Employee Background Checking

Employee Background Checking

Here are 8 essential checks employers should do before employment

The average amount of time Britons spend in a job is eight years. This kind of mobility, can see employees move across counties and puts an added burden on the recruitment process. A new burgeoning industry has emerged because of this to provide reports on  candidates background within the workforce. For some small business owners who don’t have a dedicated human resources team to rely on it can be really useful to outsource this task.

 

1. Why do people do checks and what checks are they?

If you’re an employer you will want peace of mind over who you are potentially hiring and therefore you may choose to run a background check. This is normally done when you’re ready to make an offer however, some companies choose to run checks on a few shortlisted candidates to help chose between them.

One of the primary reasons that organisations make the effort to screen people is to prevent workplace theft or violence and therefore avoiding liability. This is the main reason that 7 out of 10 employers chose to conduct at least a criminal check on all job candidates, according to a 2012 survey by the Society for Human Resources Management.

 

2. What kinds of employment background checks are there?

The most widely recognised types of pre-employment screening are criminal credit reports and records checks. Other things people check are driving records, reference checks and past addresses. Searches may also include sex offender registry and credential verification depending on the type of job being advertised.

 

3. How do employment background checks work?

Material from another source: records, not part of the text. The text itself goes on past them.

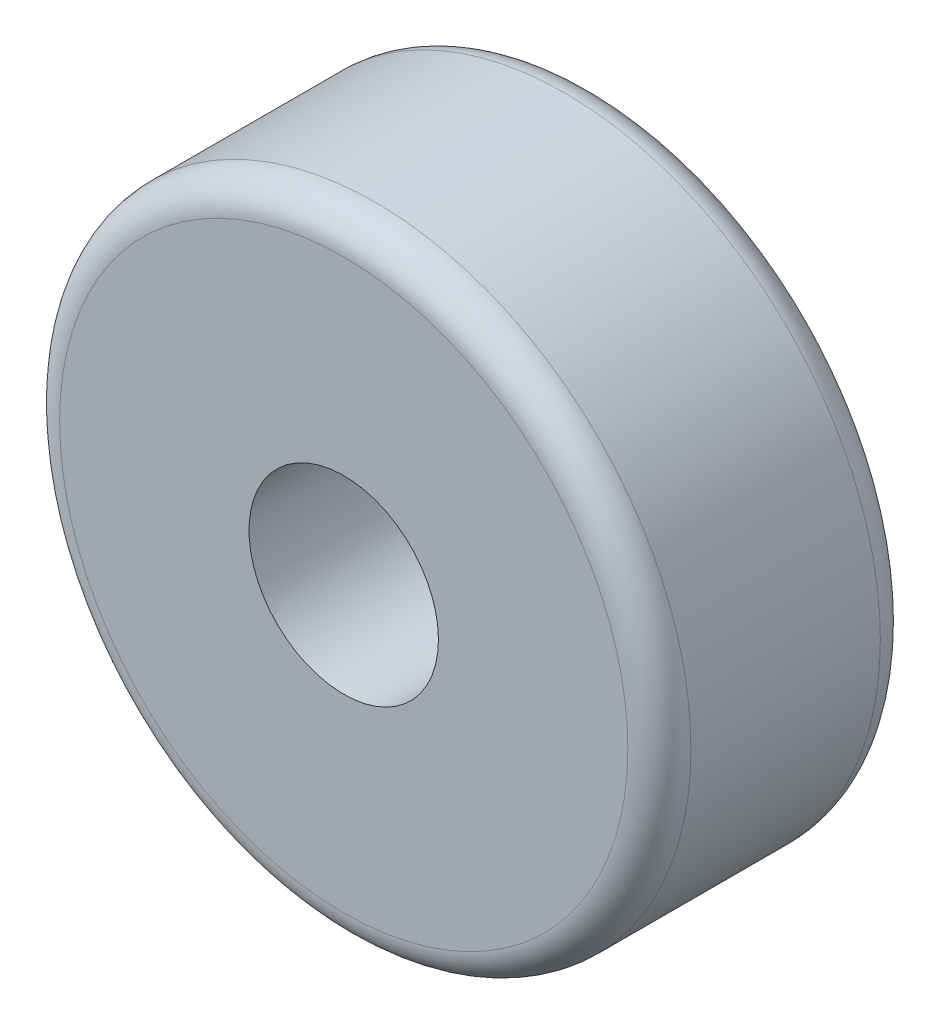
ISO-10303-21;
HEADER;
FILE_DESCRIPTION(('STEP AP214'),'2;1');
FILE_NAME('part.step','',(''),(''),'','','');
FILE_SCHEMA(('AUTOMOTIVE_DESIGN { 1 0 10303 214 1 1 1 1 }'));
ENDSEC;
DATA;
#1=APPLICATION_CONTEXT('core data for automotive mechanical design processes');
#2=APPLICATION_PROTOCOL_DEFINITION('international standard','automotive_design',2000,#1);
#3=PRODUCT_CONTEXT('',#1,'mechanical');
#4=PRODUCT('Part','Part','',(#3));
#5=PRODUCT_RELATED_PRODUCT_CATEGORY('part','',(#4));
#6=PRODUCT_DEFINITION_FORMATION('','',#4);
#7=PRODUCT_DEFINITION_CONTEXT('part definition',#1,'design');
#8=PRODUCT_DEFINITION('design','',#6,#7);
#9=PRODUCT_DEFINITION_SHAPE('','',#8);
#10=(LENGTH_UNIT() NAMED_UNIT(*) SI_UNIT(.MILLI.,.METRE.));
#11=(NAMED_UNIT(*) PLANE_ANGLE_UNIT() SI_UNIT($,.RADIAN.));
#12=(NAMED_UNIT(*) SI_UNIT($,.STERADIAN.) SOLID_ANGLE_UNIT());
#13=UNCERTAINTY_MEASURE_WITH_UNIT(LENGTH_MEASURE(1.E-05),#10,'distance_accuracy_value','');
#14=(GEOMETRIC_REPRESENTATION_CONTEXT(3) GLOBAL_UNCERTAINTY_ASSIGNED_CONTEXT((#13)) GLOBAL_UNIT_ASSIGNED_CONTEXT((#10,
#11,#12)) REPRESENTATION_CONTEXT('',''));
#15=CARTESIAN_POINT('',(0.,0.,0.));
#16=DIRECTION('',(0.,0.,1.));
#17=DIRECTION('',(1.,0.,0.));
#18=AXIS2_PLACEMENT_3D('',#15,#16,#17);
#19=CARTESIAN_POINT('',(0.,-6.,16.));
#20=DIRECTION('',(0.,0.,1.));
#21=DIRECTION('',(1.,0.,0.));
#22=AXIS2_PLACEMENT_3D('',#19,#20,#21);
#23=PLANE('',#22);
#24=CARTESIAN_POINT('',(0.,0.,16.));
#25=DIRECTION('',(0.,0.,1.));
#26=DIRECTION('',(1.,0.,0.));
#27=AXIS2_PLACEMENT_3D('',#24,#25,#26);
#28=CIRCLE('',#27,18.);
#29=CARTESIAN_POINT('',(18.,0.,16.));
#30=VERTEX_POINT('',#29);
#31=EDGE_CURVE('E8',#30,#30,#28,.T.);
#32=ORIENTED_EDGE('',*,*,#31,.T.);
#33=EDGE_LOOP('',(#32));
#34=FACE_BOUND('',#33,.T.);
#35=CARTESIAN_POINT('',(0.,0.,16.));
#36=DIRECTION('',(0.,0.,1.));
#37=DIRECTION('',(1.,0.,0.));
#38=AXIS2_PLACEMENT_3D('',#35,#36,#37);
#39=CIRCLE('',#38,6.);
#40=CARTESIAN_POINT('',(6.,0.,16.));
#41=VERTEX_POINT('',#40);
#42=EDGE_CURVE('E34',#41,#41,#39,.T.);
#43=ORIENTED_EDGE('',*,*,#42,.F.);
#44=EDGE_LOOP('',(#43));
#45=FACE_BOUND('',#44,.T.);
#46=ADVANCED_FACE('F12',(#34,#45),#23,.T.);
#47=CARTESIAN_POINT('',(0.,0.,14.));
#48=DIRECTION('',(0.,0.,1.));
#49=DIRECTION('',(1.,0.,0.));
#50=AXIS2_PLACEMENT_3D('',#47,#48,#49);
#51=TOROIDAL_SURFACE('',#50,18.,2.);
#52=CARTESIAN_POINT('',(0.,0.,14.));
#53=DIRECTION('',(0.,0.,1.));
#54=DIRECTION('',(1.,0.,0.));
#55=AXIS2_PLACEMENT_3D('',#52,#53,#54);
#56=CIRCLE('',#55,20.);
#57=CARTESIAN_POINT('',(20.,0.,14.));
#58=VERTEX_POINT('',#57);
#59=EDGE_CURVE('E18',#58,#58,#56,.T.);
#60=ORIENTED_EDGE('',*,*,#59,.T.);
#61=EDGE_LOOP('',(#60));
#62=FACE_BOUND('',#61,.T.);
#63=ORIENTED_EDGE('',*,*,#31,.F.);
#64=EDGE_LOOP('',(#63));
#65=FACE_BOUND('',#64,.T.);
#66=ADVANCED_FACE('F41',(#62,#65),#51,.T.);
#67=CARTESIAN_POINT('',(0.,0.,32.9727316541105));
#68=DIRECTION('',(0.,0.,1.));
#69=DIRECTION('',(1.,0.,0.));
#70=AXIS2_PLACEMENT_3D('',#67,#68,#69);
#71=CYLINDRICAL_SURFACE('',#70,20.);
#72=CARTESIAN_POINT('',(0.,0.,2.));
#73=DIRECTION('',(0.,0.,1.));
#74=DIRECTION('',(1.,0.,0.));
#75=AXIS2_PLACEMENT_3D('',#72,#73,#74);
#76=CIRCLE('',#75,20.);
#77=CARTESIAN_POINT('',(20.,0.,2.));
#78=VERTEX_POINT('',#77);
#79=EDGE_CURVE('E22',#78,#78,#76,.T.);
#80=ORIENTED_EDGE('',*,*,#79,.T.);
#81=EDGE_LOOP('',(#80));
#82=FACE_BOUND('',#81,.T.);
#83=ORIENTED_EDGE('',*,*,#59,.F.);
#84=EDGE_LOOP('',(#83));
#85=FACE_BOUND('',#84,.T.);
#86=ADVANCED_FACE('F47',(#82,#85),#71,.T.);
#87=CARTESIAN_POINT('',(0.,0.,2.));
#88=DIRECTION('',(0.,0.,1.));
#89=DIRECTION('',(1.,0.,0.));
#90=AXIS2_PLACEMENT_3D('',#87,#88,#89);
#91=TOROIDAL_SURFACE('',#90,18.,2.);
#92=CARTESIAN_POINT('',(0.,0.,0.));
#93=DIRECTION('',(0.,0.,1.));
#94=DIRECTION('',(1.,0.,0.));
#95=AXIS2_PLACEMENT_3D('',#92,#93,#94);
#96=CIRCLE('',#95,18.);
#97=CARTESIAN_POINT('',(18.,0.,0.));
#98=VERTEX_POINT('',#97);
#99=EDGE_CURVE('E26',#98,#98,#96,.T.);
#100=ORIENTED_EDGE('',*,*,#99,.T.);
#101=EDGE_LOOP('',(#100));
#102=FACE_BOUND('',#101,.T.);
#103=ORIENTED_EDGE('',*,*,#79,.F.);
#104=EDGE_LOOP('',(#103));
#105=FACE_BOUND('',#104,.T.);
#106=ADVANCED_FACE('F52',(#102,#105),#91,.T.);
#107=CARTESIAN_POINT('',(0.,-18.,0.));
#108=DIRECTION('',(0.,0.,-1.));
#109=DIRECTION('',(-1.,0.,0.));
#110=AXIS2_PLACEMENT_3D('',#107,#108,#109);
#111=PLANE('',#110);
#112=CARTESIAN_POINT('',(0.,0.,0.));
#113=DIRECTION('',(0.,0.,1.));
#114=DIRECTION('',(1.,0.,0.));
#115=AXIS2_PLACEMENT_3D('',#112,#113,#114);
#116=CIRCLE('',#115,6.);
#117=CARTESIAN_POINT('',(6.,0.,0.));
#118=VERTEX_POINT('',#117);
#119=EDGE_CURVE('E31',#118,#118,#116,.T.);
#120=ORIENTED_EDGE('',*,*,#119,.T.);
#121=EDGE_LOOP('',(#120));
#122=FACE_BOUND('',#121,.T.);
#123=ORIENTED_EDGE('',*,*,#99,.F.);
#124=EDGE_LOOP('',(#123));
#125=FACE_BOUND('',#124,.T.);
#126=ADVANCED_FACE('F59',(#122,#125),#111,.T.);
#127=CARTESIAN_POINT('',(0.,0.,32.9727316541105));
#128=DIRECTION('',(0.,0.,1.));
#129=DIRECTION('',(1.,0.,0.));
#130=AXIS2_PLACEMENT_3D('',#127,#128,#129);
#131=CYLINDRICAL_SURFACE('',#130,6.);
#132=ORIENTED_EDGE('',*,*,#119,.F.);
#133=EDGE_LOOP('',(#132));
#134=FACE_BOUND('',#133,.T.);
#135=ORIENTED_EDGE('',*,*,#42,.T.);
#136=EDGE_LOOP('',(#135));
#137=FACE_BOUND('',#136,.T.);
#138=ADVANCED_FACE('F38',(#134,#137),#131,.F.);
#139=CLOSED_SHELL('',(#46,#66,#86,#106,#126,#138));
#140=MANIFOLD_SOLID_BREP('B1',#139);
#141=ADVANCED_BREP_SHAPE_REPRESENTATION('',(#18,#140),#14);
#142=SHAPE_DEFINITION_REPRESENTATION(#9,#141);
ENDSEC;
END-ISO-10303-21;

Credit Ratings Agencies usually perform the checks for employment purposes and are regulated by the Fair Credit Reporting Act (FCRA). Unfortunately there is not currently one single database that can run all the checks.You will be able to find data providers who  can check things like county court judgements, financial records and credit histories.

 

4. What legal steps are there when doing a background check?

There are four main procedures you have to follow to ensure you are doing it in a lawful way. 

Firstly, all candidates must be made aware that a check is being made about them. 

Secondly, you need to get their consent in writing and ensure they receive full notification of the agency conducting the check and their rights. The candidate should also provide enough personal information for the check to get underway.

Thirdly, once the candidate has provided enough information is it time to start the investigations. 

And last but by no means least, once you receive all the information back from the different agencies it is your chance to review the information. The report you receive will usually say either “clear” (go ahead and employ) or “consider” (where something concerning has been discovered) depending on the agency you’ve appointed.

 

5. What are the costs associated with background checks?

Often agencies choose to charge a flat fee for a variety of checks. Read the terms and conditions carefully before going ahead to check for any hidden extras you may be expected to pay for bt not be made aware of at the start.

 

6. What should I do if the checks reveals something negative?

If the checks come back clear there is obviously nothing to worry about. However there is something that informs your decision to not hire them then you need to notify the candidate by law of this and the reason why behind it. The candidate then has the right to dispute the report within 7 days of being notified. 

 

7. Do candidates have any rights during the background check process and if so what are they?

Candidates do have the right to dispute the report, which means the data agency used would need to repeat the check. Special attention would of course be needed for the points that led to you choosing to not employ them. This could be anything such as seeking clarification on professional or educational qualifications, disputing a county court conviction or verifying a mistaken identity. With a lot of places the process can be repeated twice if necessary As long as the proper steps are taken to inform the candidate and the dispute rules are followed, you can disqualify them safe in the knowledge that you’re FCRA compliant.

 

8. Should a candidate be disqualified if something negative is found?

Background checks should be used to help when making a decision to hire, however, it should not be used to make that decision for you. Most companies develop their own hiring policies and different positions require different regulations and requirements. It is important to remember that when background check is commissioned it should only be viewed as a guide and not a decision maker.